Sounds great. As I know Dan he has made a good job out of it and it will be awsome.

But Dan, did you have a look at later Faller chassis? Apart from the magnet, it sounds like it. Snap-in rear-axles (front as well), brush springs (although they didn't use cups), vented top plate and delron, nylon idler gear they had the lot.

So when Dan calls his chassis Evo than Faller was a kind of evo to the tjet. But it took them several evolutionary stages to reach the final outcome, which probably broke their neck. Customers don't like to be some kind of Beta tester.

Mario


----------



## lenny (Feb 29, 2000)

foxkilo said:


> Sounds great. As I know Dan he has made a good job out of it and it will be awsome.
> 
> But Dan, did you have a look at later Faller chassis? Apart from the magnet, it sounds like it. Snap-in rear-axles (front as well), brush springs (although they didn't use cups), vented top plate and delron, nylon idler gear they had the lot.
> 
> ...


??????????

WTF are u talking about?


----------



## foxkilo (Mar 27, 2008)

Sorry Dan, if you got me wrong. It was not intended to criticise you.

Just wanted to show that you and Faller had similar ideas to improve the tjet. 
Only it took them several steps to reach that goal and when they finally did they had alienated a lot of customers. As I know your products from past experience they come out more or less faultless. Just the usual bit of running in and tweaking.
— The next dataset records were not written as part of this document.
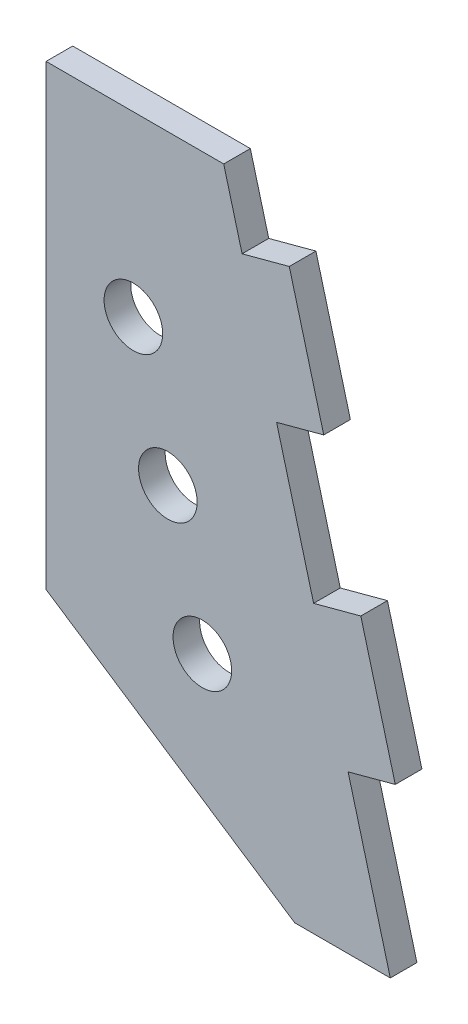
ISO-10303-21;
HEADER;
FILE_DESCRIPTION(('STEP AP214'),'2;1');
FILE_NAME('part.step','',(''),(''),'','','');
FILE_SCHEMA(('AUTOMOTIVE_DESIGN { 1 0 10303 214 1 1 1 1 }'));
ENDSEC;
DATA;
#1=APPLICATION_CONTEXT('core data for automotive mechanical design processes');
#2=APPLICATION_PROTOCOL_DEFINITION('international standard','automotive_design',2000,#1);
#3=PRODUCT_CONTEXT('',#1,'mechanical');
#4=PRODUCT('Part','Part','',(#3));
#5=PRODUCT_RELATED_PRODUCT_CATEGORY('part','',(#4));
#6=PRODUCT_DEFINITION_FORMATION('','',#4);
#7=PRODUCT_DEFINITION_CONTEXT('part definition',#1,'design');
#8=PRODUCT_DEFINITION('design','',#6,#7);
#9=PRODUCT_DEFINITION_SHAPE('','',#8);
#10=(LENGTH_UNIT() NAMED_UNIT(*) SI_UNIT(.MILLI.,.METRE.));
#11=(NAMED_UNIT(*) PLANE_ANGLE_UNIT() SI_UNIT($,.RADIAN.));
#12=(NAMED_UNIT(*) SI_UNIT($,.STERADIAN.) SOLID_ANGLE_UNIT());
#13=UNCERTAINTY_MEASURE_WITH_UNIT(LENGTH_MEASURE(1.E-05),#10,'distance_accuracy_value','');
#14=(GEOMETRIC_REPRESENTATION_CONTEXT(3) GLOBAL_UNCERTAINTY_ASSIGNED_CONTEXT((#13)) GLOBAL_UNIT_ASSIGNED_CONTEXT((#10,
#11,#12)) REPRESENTATION_CONTEXT('',''));
#15=CARTESIAN_POINT('',(0.,0.,0.));
#16=DIRECTION('',(0.,0.,1.));
#17=DIRECTION('',(1.,0.,0.));
#18=AXIS2_PLACEMENT_3D('',#15,#16,#17);
#19=CARTESIAN_POINT('',(0.,0.,0.));
#20=DIRECTION('',(0.,0.,-1.));
#21=DIRECTION('',(-1.,0.,0.));
#22=AXIS2_PLACEMENT_3D('',#19,#20,#21);
#23=PLANE('',#22);
#24=CARTESIAN_POINT('',(9.82984114247129,40.,0.));
#25=DIRECTION('',(0.,0.,1.));
#26=DIRECTION('',(1.,0.,0.));
#27=AXIS2_PLACEMENT_3D('',#24,#25,#26);
#28=CIRCLE('',#27,3.3);
#29=CARTESIAN_POINT('',(13.1298411424713,40.,0.));
#30=VERTEX_POINT('',#29);
#31=EDGE_CURVE('E270',#30,#30,#28,.T.);
#32=ORIENTED_EDGE('',*,*,#31,.T.);
#33=EDGE_LOOP('',(#32));
#34=FACE_BOUND('',#33,.T.);
#35=CARTESIAN_POINT('',(17.594412495547,11.022225211328,0.));
#36=DIRECTION('',(0.,0.,1.));
#37=DIRECTION('',(1.,0.,0.));
#38=AXIS2_PLACEMENT_3D('',#35,#36,#37);
#39=CIRCLE('',#38,3.3);
#40=CARTESIAN_POINT('',(20.894412495547,11.022225211328,0.));
#41=VERTEX_POINT('',#40);
#42=EDGE_CURVE('E203',#41,#41,#39,.T.);
#43=ORIENTED_EDGE('',*,*,#42,.T.);
#44=EDGE_LOOP('',(#43));
#45=FACE_BOUND('',#44,.T.);
#46=CARTESIAN_POINT('',(13.7121268190092,25.511112605664,0.));
#47=DIRECTION('',(0.,0.,1.));
#48=DIRECTION('',(1.,0.,0.));
#49=AXIS2_PLACEMENT_3D('',#46,#47,#48);
#50=CIRCLE('',#49,3.3);
#51=CARTESIAN_POINT('',(17.0121268190092,25.511112605664,0.));
#52=VERTEX_POINT('',#51);
#53=EDGE_CURVE('E221',#52,#52,#50,.T.);
#54=ORIENTED_EDGE('',*,*,#53,.T.);
#55=EDGE_LOOP('',(#54));
#56=FACE_BOUND('',#55,.T.);
#57=DIRECTION('',(1.,0.,0.));
#58=VECTOR('',#57,1.);
#59=CARTESIAN_POINT('',(0.,-10.,0.));
#60=LINE('',#59,#58);
#61=CARTESIAN_POINT('',(28.,-10.,0.));
#62=VERTEX_POINT('',#61);
#63=CARTESIAN_POINT('',(38.7564434701789,-10.,0.));
#64=VERTEX_POINT('',#63);
#65=EDGE_CURVE('E158',#62,#64,#60,.T.);
#66=ORIENTED_EDGE('',*,*,#65,.F.);
#67=DIRECTION('',(0.834335320661301,-0.551257265436931,0.));
#68=VECTOR('',#67,1.);
#69=CARTESIAN_POINT('',(3.90943396226415,5.91698113207547,0.));
#70=LINE('',#69,#68);
#71=CARTESIAN_POINT('',(0.,8.5,0.));
#72=VERTEX_POINT('',#71);
#73=EDGE_CURVE('E62',#72,#62,#70,.T.);
#74=ORIENTED_EDGE('',*,*,#73,.F.);
#75=DIRECTION('',(0.,-1.,0.));
#76=VECTOR('',#75,1.);
#77=CARTESIAN_POINT('',(0.,0.,0.));
#78=LINE('',#77,#76);
#79=CARTESIAN_POINT('',(0.,60.,0.));
#80=VERTEX_POINT('',#79);
#81=EDGE_CURVE('E156',#80,#72,#78,.T.);
#82=ORIENTED_EDGE('',*,*,#81,.F.);
#83=DIRECTION('',(-1.,0.,0.));
#84=VECTOR('',#83,1.);
#85=CARTESIAN_POINT('',(0.,60.,0.));
#86=LINE('',#85,#84);
#87=CARTESIAN_POINT('',(20.,60.,0.));
#88=VERTEX_POINT('',#87);
#89=EDGE_CURVE('E166',#88,#80,#86,.T.);
#90=ORIENTED_EDGE('',*,*,#89,.F.);
#91=DIRECTION('',(-0.258819045102525,0.965925826289067,0.));
#92=VECTOR('',#91,1.);
#93=CARTESIAN_POINT('',(20.,60.,0.));
#94=LINE('',#93,#92);
#95=CARTESIAN_POINT('',(22.0705523608202,52.2725933896875,0.));
#96=VERTEX_POINT('',#95);
#97=EDGE_CURVE('E195',#96,#88,#94,.T.);
#98=ORIENTED_EDGE('',*,*,#97,.F.);
#99=DIRECTION('',(-0.965925826289067,-0.258819045102525,0.));
#100=VECTOR('',#99,1.);
#101=CARTESIAN_POINT('',(22.0705523608202,52.2725933896875,0.));
#102=LINE('',#101,#100);
#103=CARTESIAN_POINT('',(27.3831444054101,53.6960981377513,0.));
#104=VERTEX_POINT('',#103);
#105=EDGE_CURVE('E256',#104,#96,#102,.T.);
#106=ORIENTED_EDGE('',*,*,#105,.F.);
#107=DIRECTION('',(-0.258819045102525,0.965925826289067,0.));
#108=VECTOR('',#107,1.);
#109=CARTESIAN_POINT('',(27.3831444054101,53.6960981377513,0.));
#110=LINE('',#109,#108);
#111=CARTESIAN_POINT('',(31.265430081948,39.2072107434153,0.));
#112=VERTEX_POINT('',#111);
#113=EDGE_CURVE('E262',#112,#104,#110,.T.);
#114=ORIENTED_EDGE('',*,*,#113,.F.);
#115=DIRECTION('',(0.965925826289067,0.258819045102525,0.));
#116=VECTOR('',#115,1.);
#117=CARTESIAN_POINT('',(31.265430081948,39.2072107434153,0.));
#118=LINE('',#117,#116);
#119=CARTESIAN_POINT('',(25.9528380373581,37.7837059953515,0.));
#120=VERTEX_POINT('',#119);
#121=EDGE_CURVE('E342',#120,#112,#118,.T.);
#122=ORIENTED_EDGE('',*,*,#121,.F.);
#123=CARTESIAN_POINT('',(30.1241135085096,22.2162940046486,0.));
#124=VERTEX_POINT('',#123);
#125=EDGE_CURVE('E194',#124,#120,#94,.T.);
#126=ORIENTED_EDGE('',*,*,#125,.F.);
#127=DIRECTION('',(-0.965925826289067,-0.258819045102524,0.));
#128=VECTOR('',#127,1.);
#129=CARTESIAN_POINT('',(30.1241135085096,22.2162940046486,0.));
#130=LINE('',#129,#128);
#131=CARTESIAN_POINT('',(35.4367055530994,23.6397987527124,0.));
#132=VERTEX_POINT('',#131);
#133=EDGE_CURVE('E350',#132,#124,#130,.T.);
#134=ORIENTED_EDGE('',*,*,#133,.F.);
#135=DIRECTION('',(-0.258819045102524,0.965925826289067,0.));
#136=VECTOR('',#135,1.);
#137=CARTESIAN_POINT('',(35.4367055530994,23.6397987527124,0.));
#138=LINE('',#137,#136);
#139=CARTESIAN_POINT('',(39.3189912296373,9.15091135837642,0.));
#140=VERTEX_POINT('',#139);
#141=EDGE_CURVE('E368',#140,#132,#138,.T.);
#142=ORIENTED_EDGE('',*,*,#141,.F.);
#143=DIRECTION('',(0.965925826289067,0.258819045102525,0.));
#144=VECTOR('',#143,1.);
#145=CARTESIAN_POINT('',(39.3189912296373,9.15091135837642,0.));
#146=LINE('',#145,#144);
#147=CARTESIAN_POINT('',(34.0063991850474,7.72740661031254,0.));
#148=VERTEX_POINT('',#147);
#149=EDGE_CURVE('E358',#148,#140,#146,.T.);
#150=ORIENTED_EDGE('',*,*,#149,.F.);
#151=EDGE_CURVE('E176',#64,#148,#94,.T.);
#152=ORIENTED_EDGE('',*,*,#151,.F.);
#153=EDGE_LOOP('',(#66,#74,#82,#90,#98,#106,#114,#122,#126,#134,#142,#150,#152));
#154=FACE_BOUND('',#153,.T.);
#155=ADVANCED_FACE('F46',(#34,#45,#56,#154),#23,.T.);
#156=CARTESIAN_POINT('',(0.,0.,3.));
#157=DIRECTION('',(1.,0.,0.));
#158=DIRECTION('',(0.,0.,-1.));
#159=AXIS2_PLACEMENT_3D('',#156,#157,#158);
#160=PLANE('',#159);
#161=DIRECTION('',(0.,0.,1.));
#162=VECTOR('',#161,1.);
#163=CARTESIAN_POINT('',(0.,8.5,0.));
#164=LINE('',#163,#162);
#165=CARTESIAN_POINT('',(0.,8.5,3.));
#166=VERTEX_POINT('',#165);
#167=EDGE_CURVE('E141',#72,#166,#164,.T.);
#168=ORIENTED_EDGE('',*,*,#167,.T.);
#169=DIRECTION('',(0.,-1.,0.));
#170=VECTOR('',#169,1.);
#171=CARTESIAN_POINT('',(0.,0.,3.));
#172=LINE('',#171,#170);
#173=CARTESIAN_POINT('',(0.,60.,3.));
#174=VERTEX_POINT('',#173);
#175=EDGE_CURVE('E180',#174,#166,#172,.T.);
#176=ORIENTED_EDGE('',*,*,#175,.F.);
#177=DIRECTION('',(0.,0.,-1.));
#178=VECTOR('',#177,1.);
#179=CARTESIAN_POINT('',(0.,60.,3.));
#180=LINE('',#179,#178);
#181=EDGE_CURVE('E55',#174,#80,#180,.T.);
#182=ORIENTED_EDGE('',*,*,#181,.T.);
#183=ORIENTED_EDGE('',*,*,#81,.T.);
#184=EDGE_LOOP('',(#168,#176,#182,#183));
#185=FACE_BOUND('',#184,.T.);
#186=ADVANCED_FACE('F162',(#185),#160,.F.);
#187=CARTESIAN_POINT('',(0.,0.,3.));
#188=DIRECTION('',(0.,0.,-1.));
#189=DIRECTION('',(-1.,0.,0.));
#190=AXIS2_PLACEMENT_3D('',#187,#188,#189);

please no hard feelings as we all are gratefull to your commitment.

Mario


----------



## lenny (Feb 29, 2000)

foxkilo said:


> Sorry Dan, if you got me wrong. It was not intended to criticise you.
> 
> Just wanted to show that you and Faller had similar ideas to improve the tjet.
> Only it took them several steps to reach that goal and when they finally did they had alienated a lot of customers. As I know your products from past experience they come out more or less faultless. Just the usual bit of running in and tweaking.
> ...


Oh..... You were talking about Dash and 'production/beta testing'... Sorry, I misunderstood your post.

Dan


----------



## foxkilo (Mar 27, 2008)

Sorry Dan, that my post was open to misinterpretation.
Just for a laugh you should have look at the way Faller changed their tjet clone in just over five years. If my count is right we are talking 6-7 main variations plus several subvariations. They didn't take the time for thorough testing instead rushed them into production. Must have cost them a fortune and the loyalty of their customers.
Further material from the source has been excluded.